As well as I can. These negs are half a century old, and I think much if not most of the dust specs are imbedded in the emulsion. There are also scrapes and chemical stains that show up. I think I used Vuescan for these scans, but I believe the software is irrelevant. The Coolscan is an LED scanner, which picks up the slightest imperfections (the grain is clearly defined). Yet I can't use infrared-based cleaning during the scan because the silver in the emulsion blocks the infrared. So I'm stuck with manual cleanup. I'm just trying to find the best method to delay clogging up the system as I edit.

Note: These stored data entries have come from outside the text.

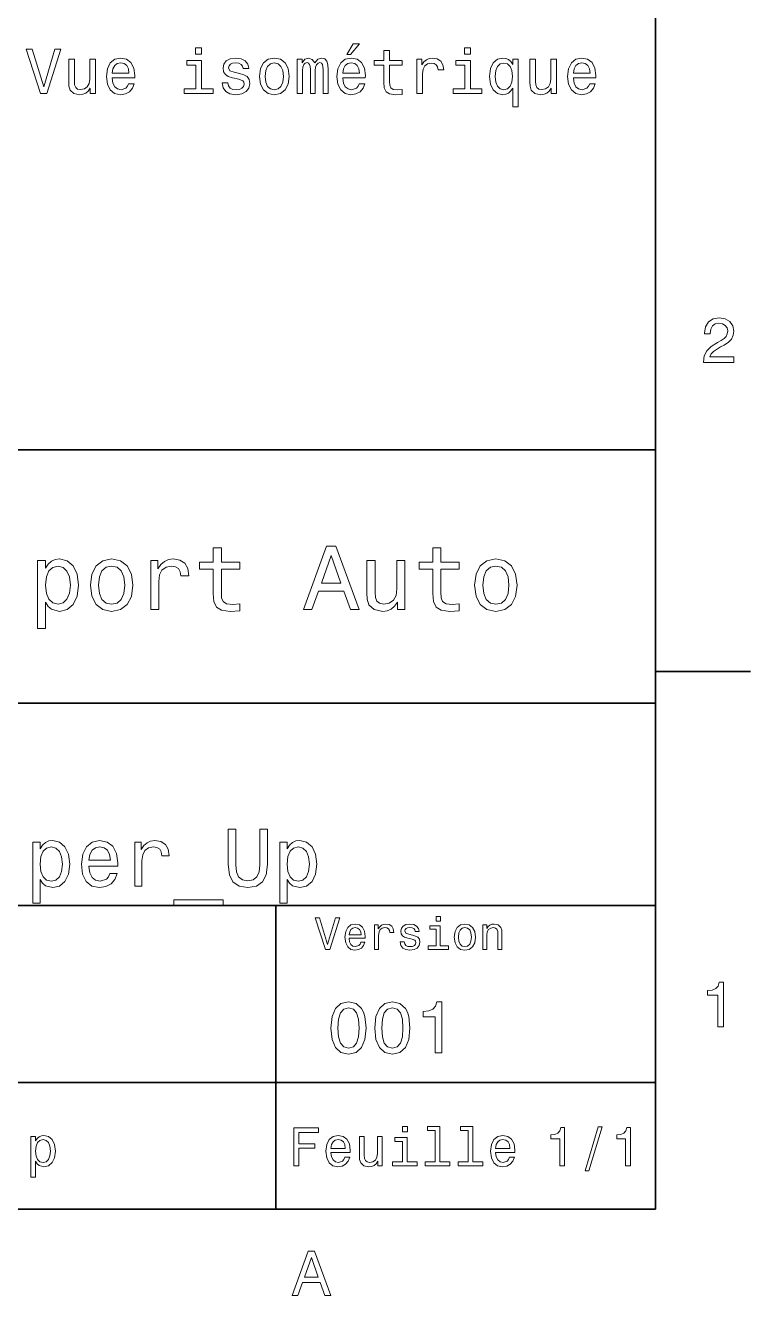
# Model space of a CAD drawing. Extents: x 0 to 297, y 0 to 210.
# Drawn here: x 237.2 to 294.5, y 3.2 to 103.6 of the extents above; entities that cross this region are included whole.
import ezdxf

# ---------------------------------------------------------------- set-up
doc = ezdxf.new("R2010")
doc.units = 0

msp = doc.modelspace()

# ---------------------------------------------------------------- linework, layer by layer
at = {"color": 7, "lineweight": 35}
for p, q in [((287, 10), (287, 200)), ((97, 70), (287, 70)), ((287, 70), (287, 10)), ((162, 50), (287, 50)), ((162, 34), (287, 34)), ((257, 10), (257, 34)), ((162, 20), (287, 20)), ((10, 10), (287, 10)), ((97, 10), (287, 10))]:
    msp.add_line(p, q, dxfattribs=at)
at = {"color": 7, "lineweight": 35, "ltscale": 0.1875}
msp.add_line((287, 52.5), (294.5, 52.5), dxfattribs=at)
at = {"color": 7, "lineweight": 13}
for points in [[(239.527878, 101.675415), (238.650345, 98.69487), (237.74762, 101.675415), (237.268509, 101.675415), (238.398193, 98.170372), (238.902512, 98.170372), (240.006973, 101.675415)], [(251.122253, 101.791412), (250.653229, 101.791412), (250.653229, 101.287086), (251.122253, 101.287086)], [(262.590546, 101.246742), (262.888092, 101.246742), (263.589111, 102.104088), (263.094879, 102.104088)], [(265.525696, 100.409569), (265.525696, 99.05294), (265.555969, 98.614174), (265.697174, 98.311584), (265.979614, 98.135071), (266.45871, 98.074554), (266.983215, 98.09977), (266.983215, 98.483055), (266.599915, 98.452789), (266.251923, 98.493141), (266.065338, 98.619217), (265.98465, 98.831032), (265.969513, 99.128586), (265.969513, 100.409569), (266.983215, 100.409569), (266.983215, 100.787804), (265.969513, 100.787804), (265.969513, 101.579597), (265.525696, 101.579597), (265.525696, 100.787804), (264.759155, 100.787804), (264.759155, 100.409569)], [(272.37442, 101.791412), (271.905396, 101.791412), (271.905396, 101.287086), (272.37442, 101.287086)], [(242.730316, 100.878586), (242.286514, 100.878586), (242.286514, 99.315186), (242.236084, 98.952072), (242.089828, 98.689827), (241.862885, 98.528442), (241.565338, 98.478012), (241.328308, 98.518356), (241.177002, 98.639389), (241.091278, 98.846161), (241.071106, 99.138672), (241.071106, 100.878586), (240.627289, 100.878586), (240.627289, 99.098328), (240.642426, 98.740257), (240.738251, 98.442703), (241.030762, 98.170372), (241.499771, 98.074554), (241.751938, 98.109856), (241.968796, 98.20063), (242.155396, 98.356972), (242.306686, 98.583916), (242.306686, 98.170372), (242.730316, 98.170372)], [(244.066772, 99.395874), (245.841995, 99.395874), (245.847031, 99.602646), (245.766342, 100.182617), (245.544449, 100.616341), (245.191422, 100.878586), (244.722397, 100.974403), (244.263458, 100.873543), (243.910431, 100.591118), (243.683487, 100.132187), (243.602798, 99.527), (243.678452, 98.906685), (243.905396, 98.452789), (244.253372, 98.170372), (244.707275, 98.074554), (245.100647, 98.140114), (245.423401, 98.311584), (245.660431, 98.583916), (245.7966, 98.947029), (245.357849, 98.947029), (245.267059, 98.7453), (245.135941, 98.594002), (244.762741, 98.472969), (244.475281, 98.528442), (244.258423, 98.704956), (244.117203, 98.992416), (244.066772, 99.380745)], [(244.066772, 99.769073), (244.122253, 100.117058), (244.258423, 100.37426), (244.465195, 100.530602), (244.737534, 100.586075), (245.004822, 100.530602), (245.211594, 100.37426), (245.337677, 100.117058), (245.383057, 99.769073)], [(251.107117, 98.543571), (251.107117, 100.787804), (249.967346, 100.787804), (249.967346, 100.409569), (250.663315, 100.409569), (250.663315, 98.543571), (249.755539, 98.543571), (249.755539, 98.170372), (252.024994, 98.170372), (252.024994, 98.543571)], [(254.112885, 99.748901), (253.684219, 99.84977), (253.366486, 99.965759), (253.26059, 100.202789), (253.290848, 100.369217), (253.396744, 100.490257), (253.568222, 100.565903), (253.815338, 100.596161), (254.052368, 100.565903), (254.238968, 100.475128), (254.360001, 100.338959), (254.410431, 100.157402), (254.844162, 100.157402), (254.844162, 100.167488), (254.768509, 100.4953), (254.561737, 100.752502), (254.238968, 100.913887), (253.815338, 100.974403), (253.386658, 100.913887), (253.073975, 100.747459), (252.877289, 100.500343), (252.816772, 100.18766), (252.862167, 99.885071), (253.003372, 99.673256), (253.235367, 99.521957), (253.573257, 99.416046), (254.067505, 99.295013), (254.370087, 99.16893), (254.450775, 99.068069), (254.481049, 98.916771), (254.435654, 98.730171), (254.314621, 98.588959), (254.117935, 98.498184), (253.855682, 98.467926), (253.578308, 98.498184), (253.376572, 98.604088), (253.240417, 98.775558), (253.184937, 99.012589), (252.756256, 99.012589), (252.826859, 98.609131), (253.03363, 98.316628), (253.36145, 98.140114), (253.815338, 98.074554), (254.289398, 98.140114), (254.63739, 98.316628), (254.849197, 98.599045), (254.92485, 98.967201), (254.86937, 99.284927), (254.713028, 99.501785), (254.455826, 99.642998)], [(255.691422, 99.521957), (255.77211, 98.906685), (256.004089, 98.452789), (256.372253, 98.170372), (256.866486, 98.074554), (257.355682, 98.170372), (257.723846, 98.447746), (257.955841, 98.901642), (258.041565, 99.521957), (257.955841, 100.13723), (257.723846, 100.596161), (257.355682, 100.873543), (256.866486, 100.974403), (256.372253, 100.873543), (256.004089, 100.591118), (255.77211, 100.13723)], [(256.145294, 99.527), (256.190704, 99.980888), (256.331909, 100.308701), (256.558838, 100.510429), (256.866486, 100.581032), (257.169067, 100.510429), (257.396027, 100.313744), (257.537231, 99.980888), (257.587677, 99.527), (257.537231, 99.068069), (257.396027, 98.735214), (257.169067, 98.533485), (256.866486, 98.467926), (256.558838, 98.533485), (256.331909, 98.735214), (256.190704, 99.068069)], [(258.682068, 98.170372), (259.090546, 98.170372), (259.090546, 99.980888), (259.115784, 100.253227), (259.191406, 100.449913), (259.307404, 100.565903), (259.45871, 100.611298), (259.579742, 100.570946), (259.660431, 100.470085), (259.700775, 100.298615), (259.715912, 100.071671), (259.715912, 98.170372), (260.099213, 98.170372), (260.099213, 99.980888), (260.12442, 100.248184), (260.200073, 100.44487), (260.321106, 100.565903), (260.472412, 100.611298), (260.593445, 100.570946), (260.674133, 100.470085), (260.724548, 100.071671), (260.724548, 98.170372), (261.133057, 98.170372), (261.133057, 100.041412), (261.107849, 100.429741), (261.027161, 100.727287), (260.865784, 100.908844), (260.603516, 100.974403), (260.295898, 100.873543), (260.058838, 100.581032), (259.872253, 100.8685), (259.55957, 100.974403), (259.272095, 100.873543), (259.075439, 100.591118), (259.075439, 100.878586), (258.682068, 100.878586)], [(262.282928, 99.395874), (264.058136, 99.395874), (264.063171, 99.602646), (263.982483, 100.182617), (263.76059, 100.616341), (263.407562, 100.878586), (262.938538, 100.974403), (262.479614, 100.873543), (262.126587, 100.591118), (261.899628, 100.132187), (261.818939, 99.527), (261.894592, 98.906685), (262.121521, 98.452789), (262.469513, 98.170372), (262.923401, 98.074554), (263.316772, 98.140114), (263.639557, 98.311584), (263.876587, 98.583916), (264.012756, 98.947029), (263.573975, 98.947029), (263.483215, 98.7453), (263.352081, 98.594002), (262.978882, 98.472969), (262.691406, 98.528442), (262.474548, 98.704956), (262.333344, 98.992416), (262.282928, 99.380745)], [(262.282928, 99.769073), (262.338379, 100.117058), (262.474548, 100.37426), (262.681335, 100.530602), (262.953674, 100.586075), (263.220947, 100.530602), (263.427734, 100.37426), (263.553802, 100.117058), (263.599213, 99.769073)], [(268.133057, 98.170372), (268.576874, 98.170372), (268.576874, 99.718643), (268.622253, 100.091843), (268.758423, 100.359131), (268.980316, 100.520515), (269.277863, 100.575989), (269.499786, 100.540688), (269.666199, 100.439827), (269.767059, 100.268356), (269.802368, 100.036369), (270.251221, 100.036369), (270.190704, 100.44487), (270.024261, 100.737373), (269.746887, 100.913887), (269.368652, 100.974403), (269.11145, 100.934059), (268.889557, 100.833199), (268.692871, 100.661728), (268.53653, 100.429741), (268.53653, 100.878586), (268.133057, 100.878586)], [(272.359283, 98.543571), (272.359283, 100.787804), (271.219513, 100.787804), (271.219513, 100.409569), (271.915466, 100.409569), (271.915466, 98.543571), (271.00769, 98.543571), (271.00769, 98.170372), (273.277161, 98.170372), (273.277161, 98.543571)], [(275.702942, 100.459999), (275.5466, 100.686943), (275.370087, 100.848328), (275.16333, 100.939102), (274.92627, 100.974403), (274.49762, 100.873543), (274.164764, 100.591118), (273.947906, 100.13723), (273.872253, 99.527), (273.947906, 98.911728), (274.164764, 98.457832), (274.49762, 98.170372), (274.92627, 98.074554), (275.16333, 98.104813), (275.365051, 98.190544), (275.541565, 98.346886), (275.702942, 98.583916), (275.702942, 97.121384), (276.146759, 97.121384), (276.146759, 100.878586), (275.702942, 100.878586)], [(274.326141, 99.527), (274.371521, 99.975845), (274.512756, 100.303658), (274.724548, 100.505386), (275.001923, 100.575989), (275.294434, 100.505386), (275.516357, 100.308701), (275.647461, 99.980888), (275.697906, 99.527), (275.647461, 99.068069), (275.516357, 98.740257), (275.294434, 98.538528), (275.001923, 98.472969), (274.724548, 98.538528), (274.512756, 98.740257), (274.371521, 99.073112)], [(279.162598, 100.878586), (278.718781, 100.878586), (278.718781, 99.315186), (278.668365, 98.952072), (278.522095, 98.689827), (278.295166, 98.528442), (277.99762, 98.478012), (277.76059, 98.518356), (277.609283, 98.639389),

It could be worse. Back in the good old days, I had to touch up the prints with a fine brush and several shades of watercolors.

Chuck


----------



## robosolo (Jan 15, 2016)

Chuck Holst said:


> I've scanned a number of old B&W negs using my Nikon Coolscan V, and the scans have gobs of dust specs and other flaws that need to be removed. My question is, which uses more resources when there are a large number of dust spots close together: healing one spot at a time using small selection circles or healing several spots at a time using a large selection circle or brush? In other words, is number of operations more important or is area affected more important in slowing down spot healing operations?
> 
> Chuck


You shouldn't be using LR to remove so many spots. No only is it awkward (as you've discovered), if you do too many you run the risk of slowing down LR - using either tool. Removing so many dust spots and flaws is far easier and faster to accomplish in Photoshop.


----------



## Johan Elzenga (Jan 15, 2016)

robosolo said:


> You shouldn't be using LR to remove so many spots. No only is it awkward (as you've discovered), if you do too many you run the risk of slowing down LR - using either tool. Removing so many dust spots and flaws is far easier and faster to accomplish in Photoshop.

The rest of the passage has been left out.